• **WHAT YOU HAVE TO DO**
The word "name" marks the lines to find; copy every such line from the data below.

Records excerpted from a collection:
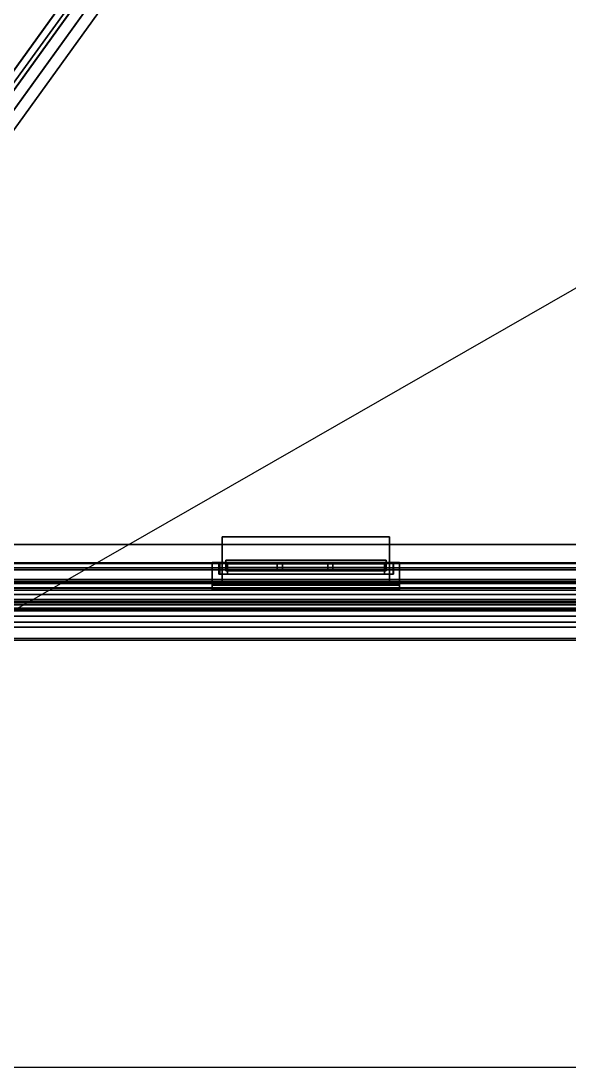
# Model space of a CAD drawing. Extents: x -152 to 154, y -106 to 95.
# Drawn here: x -105.4 to -74, y -80 to -20 of the extents above; entities that cross this region are included whole.
import ezdxf

# ---------------------------------------------------------------- set-up
doc = ezdxf.new("R2010")
doc.units = 0
for name, color, linetype in [('GLASS', 19, 'CONTINUOUS'), ('GROUND1', 253, 'CONTINUOUS'), ('ROOF1', 37, 'CONTINUOUS'), ('ROOF2', 59, 'CONTINUOUS'), ('WALL', 254, 'CONTINUOUS'), ('WALLBASE', 250, 'CONTINUOUS'), ('WALLCOV', 37, 'CONTINUOUS'), ('WALLVERT', 37, 'CONTINUOUS'), ('WINDOW', 9, 'CONTINUOUS')]:
    doc.layers.add(name, color=color, linetype=linetype)

msp = doc.modelspace()

# ---------------------------------------------------------------- linework, layer by layer
at = {"layer": 'GLASS'}
for points in [[(-84.5, -51.123505, 87), (-93.600006, -51.123505, 87), (-93.600006, -51.123505, 61), (-84.5, -51.123505, 61)], [(-84.5, -51.123505, 50), (-93.600006, -51.123505, 50), (-93.600006, -51.123505, 24), (-84.5, -51.123505, 24)], [(-84.5, -51.123505, 16.5), (-93.600006, -51.123505, 16.5), (-93.600006, -51.123505, 5.5), (-84.5, -51.123505, 5.5)]]:
    msp.add_3dface(points, dxfattribs=at)
at = {"layer": 'GROUND1', "invisible_edges": 8}
for points in [[(-151.5, 95, -0.075062), (-151.5, -80, -0.075062), (153.5, 95, -0.075062)], [(-151.5, -80, -0.075062), (-56.949997, -80, -0.075062), (153.5, 95, -0.075062)]]:
    msp.add_3dface(points, dxfattribs=at)
at = {"layer": 'ROOF1'}
for points in [[(-126.5, 70, 105.704536), (-126.5, 10, 105.704536), (-126.5, -52, 105.704536), (-81.527527, 10, 135.704529)], [(0.5, 10, 135.704529), (-81.527527, 10, 135.704529), (-126.5, -52, 105.704536), (0.5, -52, 105.704536)]]:
    msp.add_3dface(points, dxfattribs=at)
at = {"layer": 'ROOF2'}
for points in [[(132.100006, -55.5, 107.236023), (132.100006, 73.800003, 107.236023), (-130, 73.800003, 107.236023), (-130, -55.5, 107.236023)], [(-125.621452, -51.420319, 106.346451), (-81.350975, 10.035786, 135.778381), (-81.844093, 10.491188, 135.770432), (-126.12394, -50.977798, 106.33873)], [(-126.12394, -50.995041, 105.35112), (-126.12394, -50.977798, 106.33873), (-81.844093, 10.491188, 135.770432), (-81.844093, 10.473949, 134.782822)], [(-125.118965, -51.845573, 107.343979), (-80.857849, 9.59766, 136.776123), (-81.350967, 10.053066, 136.768188), (-125.621452, -51.403046, 107.336258)], [(-81.350967, 10.053066, 136.768188), (-81.350975, 10.035786, 135.778381), (-125.621452, -51.420319, 106.346451), (-125.621452, -51.403046, 107.336258)], [(-125.118965, -51.845573, 107.343979), (-125.118965, -51.862846, 106.354179), (-80.857849, 9.580379, 135.786331), (-80.857849, 9.59766, 136.776123)], [(-124.616478, -52.305367, 106.361908), (-80.364723, 9.124977, 135.794281), (-80.857849, 9.580379, 135.786331), (-125.118965, -51.862846, 106.354179)], [(-124.616478, -52.305367, 106.361908), (-124.616478, -52.322601, 105.37429), (-80.364723, 9.107738, 134.806671), (-80.364723, 9.124977, 135.794281)]]:
    msp.add_3dface(points, dxfattribs=at)
at = {"layer": 'WALL'}
for points in [[(-93.850006, -49.568542, 87.199997), (-93.850006, -52.168549, 87.199997), (-93.850006, -52.168549, 60.800003), (-93.850006, -49.568542, 60.800003)], [(-93.850006, -52.168549, 60.800003), (-84.25, -52.168549, 60.800003), (-84.25, -49.568542, 60.800003), (-93.850006, -49.568542, 60.800003)], [(-84.25, -52.168549, 87.199997), (-93.850006, -52.168549, 87.199997), (-93.850006, -49.568542, 87.199997), (-84.25, -49.568542, 87.199997)], [(-93.850006, -49.568542, 50.200001), (-93.850006, -52.168549, 50.200001), (-93.850006, -52.168549, 23.800003), (-93.850006, -49.568542, 23.800003)], [(-93.850006, -52.168549, 23.800003), (-84.25, -52.168549, 23.800003), (-84.25, -49.568542, 23.800003), (-93.850006, -49.568542, 23.800003)], [(-84.25, -52.168549, 50.200001), (-93.850006, -52.168549, 50.200001), (-93.850006, -49.568542, 50.200001), (-84.25, -49.568542, 50.200001)], [(-84.25, -52.168549, 60.800003), (-84.25, -52.168549, 87.199997), (-84.25, -49.568542, 87.199997), (-84.25, -49.568542, 60.800003)], [(-84.25, -52.168549, 23.800003), (-84.25, -52.168549, 50.200001), (-84.25, -49.568542, 50.200001), (-84.25, -49.568542, 23.800003)]]:
    msp.add_3dface(points, dxfattribs=at)
at = {"layer": 'WALL', "invisible_edges": 8}
for points in [[(-106.75, -52.168549, 60.800003), (-122.75, -52.168549, 55), (-100.25, -52.168549, 55)], [(-116.350006, -52.168549, 87.199997), (-100.25, -52.168549, 100), (-122.75, -52.168549, 100)], [(-106.75, -52.168549, 23.800003), (-122.75, -52.168549, 19.299999), (-100.25, -52.168549, 19.299999)], [(-116.350006, -52.168549, 50.200001), (-100.25, -52.168549, 55), (-122.75, -52.168549, 55)], [(-100.25, -52.168549, 100), (-116.350006, -52.168549, 87.199997), (-106.75, -52.168549, 87.199997)], [(-100.25, -52.168549, 55), (-116.350006, -52.168549, 50.200001), (-106.75, -52.168549, 50.200001)], [(-100.25, -52.168549, 100), (-106.75, -52.168549, 60.800003), (-100.25, -52.168549, 55)], [(-100.25, -52.168549, 100), (-106.75, -52.168549, 87.199997), (-106.75, -52.168549, 60.800003)], [(-100.25, -52.168549, 55), (-106.75, -52.168549, 23.800003), (-100.25, -52.168549, 19.299999)], [(-100.25, -52.168549, 55), (-106.75, -52.168549, 50.200001), (-106.75, -52.168549, 23.800003)], [(-84.25, -52.168549, 60.800003), (-100.25, -52.168549, 55), (-77.75, -52.168549, 55)], [(-93.850006, -52.168549, 60.800003), (-100.25, -52.168549, 55), (-84.25, -52.168549, 60.800003)], [(-100.25, -52.168549, 55), (-93.850006, -52.168549, 60.800003), (-100.25, -52.168549, 100)], [(-93.850006, -52.168549, 60.800003), (-93.850006, -52.168549, 87.199997), (-100.25, -52.168549, 100)], [(-93.850006, -52.168549, 87.199997), (-77.75, -52.168549, 100), (-100.25, -52.168549, 100)], [(-84.25, -52.168549, 23.800003), (-100.25, -52.168549, 19.299999), (-77.75, -52.168549, 19.299999)], [(-93.850006, -52.168549, 23.800003), (-100.25, -52.168549, 19.299999), (-84.25, -52.168549, 23.800003)], [(-100.25, -52.168549, 19.299999), (-93.850006, -52.168549, 23.800003), (-100.25, -52.168549, 55)], [(-93.850006, -52.168549, 23.800003), (-93.850006, -52.168549, 50.200001), (-100.25, -52.168549, 55)], [(-93.850006, -52.168549, 50.200001), (-77.75, -52.168549, 55), (-100.25, -52.168549, 55)], [(-77.75, -52.168549, 100), (-93.850006, -52.168549, 87.199997), (-84.25, -52.168549, 87.199997)], [(-77.75, -52.168549, 55), (-93.850006, -52.168549, 50.200001), (-84.25, -52.168549, 50.200001)], [(-77.75, -52.168549, 100), (-84.25, -52.168549, 60.800003), (-77.75, -52.168549, 55)], [(-77.75, -52.168549, 100), (-84.25, -52.168549, 87.199997), (-84.25, -52.168549, 60.800003)], [(-77.75, -52.168549, 55), (-84.25, -52.168549, 23.800003), (-77.75, -52.168549, 19.299999)], [(-77.75, -52.168549, 55), (-84.25, -52.168549, 50.200001), (-84.25, -52.168549, 23.800003)], [(-61.75, -52.168549, 60.800003), (-77.75, -52.168549, 55), (-55.25, -52.168549, 55)], [(-71.350006, -52.168549, 60.800003), (-77.75, -52.168549, 55), (-61.75, -52.168549, 60.800003)], [(-77.75, -52.168549, 55), (-71.350006, -52.168549, 60.800003), (-77.75, -52.168549, 100)], [(-71.350006, -52.168549, 60.800003), (-71.350006, -52.168549, 87.199997), (-77.75, -52.168549, 100)], [(-71.350006, -52.168549, 87.199997), (-55.25, -52.168549, 100), (-77.75, -52.168549, 100)], [(-61.75, -52.168549, 23.800003), (-77.75, -52.168549, 19.299999), (-55.25, -52.168549, 19.299999)], [(-71.350006, -52.168549, 23.800003), (-77.75, -52.168549, 19.299999), (-61.75, -52.168549, 23.800003)], [(-77.75, -52.168549, 19.299999), (-71.350006, -52.168549, 23.800003), (-77.75, -52.168549, 55)], [(-71.350006, -52.168549, 23.800003), (-71.350006, -52.168549, 50.200001), (-77.75, -52.168549, 55)], [(-71.350006, -52.168549, 50.200001), (-55.25, -52.168549, 55), (-77.75, -52.168549, 55)]]:
    msp.add_3dface(points, dxfattribs=at)
at = {"layer": 'WALLBASE'}
for points in [[(-93.850006, -49.568542, 16.700001), (-93.850006, -52.168549, 16.700001), (-93.850006, -52.168549, 5.300003), (-93.850006, -49.568542, 5.300003)], [(-93.850006, -52.168549, 5.300003), (-84.25, -52.168549, 5.300003), (-84.25, -49.568542, 5.300003), (-93.850006, -49.568542, 5.300003)], [(-84.25, -52.168549, 16.700001), (-93.850006, -52.168549, 16.700001), (-93.850006, -49.568542, 16.700001), (-84.25, -49.568542, 16.700001)], [(-84.25, -52.168549, 5.300003), (-84.25, -52.168549, 16.700001), (-84.25, -49.568542, 16.700001), (-84.25, -49.568542, 5.300003)]]:
    msp.add_3dface(points, dxfattribs=at)
at = {"layer": 'WALLBASE', "invisible_edges": 8}
for points in [[(-106.75, -52.168549, 5.300003), (-122.75, -52.168549, -0.5), (-100.25, -52.168549, -0.5)], [(-116.350006, -52.168549, 16.700001), (-100.25, -52.168549, 19.299999), (-122.75, -52.168549, 19.299999)], [(-100.25, -52.168549, 19.299999), (-116.350006, -52.168549, 16.700001), (-106.75, -52.168549, 16.700001)], [(-100.25, -52.168549, 19.299999), (-106.75, -52.168549, 5.300003), (-100.25, -52.168549, -0.5)], [(-100.25, -52.168549, 19.299999), (-106.75, -52.168549, 16.700001), (-106.75, -52.168549, 5.300003)], [(-84.25, -52.168549, 5.300003), (-100.25, -52.168549, -0.5), (-77.75, -52.168549, -0.5)], [(-93.850006, -52.168549, 5.300003), (-100.25, -52.168549, -0.5), (-84.25, -52.168549, 5.300003)], [(-100.25, -52.168549, -0.5), (-93.850006, -52.168549, 5.300003), (-100.25, -52.168549, 19.299999)], [(-93.850006, -52.168549, 5.300003), (-93.850006, -52.168549, 16.700001), (-100.25, -52.168549, 19.299999)], [(-93.850006, -52.168549, 16.700001), (-77.75, -52.168549, 19.299999), (-100.25, -52.168549, 19.299999)], [(-77.75, -52.168549, 19.299999), (-93.850006, -52.168549, 16.700001), (-84.25, -52.168549, 16.700001)], [(-77.75, -52.168549, 19.299999), (-84.25, -52.168549, 5.300003), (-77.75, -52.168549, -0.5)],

• **SOLVED PROBLEM**
for name, color, linetype in [('GLASS', 19, 'CONTINUOUS'), ('GROUND1', 253, 'CONTINUOUS'), ('ROOF1', 37, 'CONTINUOUS'), ('ROOF2', 59, 'CONTINUOUS'), ('WALL', 254, 'CONTINUOUS'), ('WALLBASE', 250, 'CONTINUOUS'), ('WALLCOV', 37, 'CONTINUOUS'), ('WALLVERT', 37, 'CONTINUOUS'), ('WINDOW', 9, 'CONTINUOUS')]:
    doc.layers.add(name, color=color, linetype=linetype)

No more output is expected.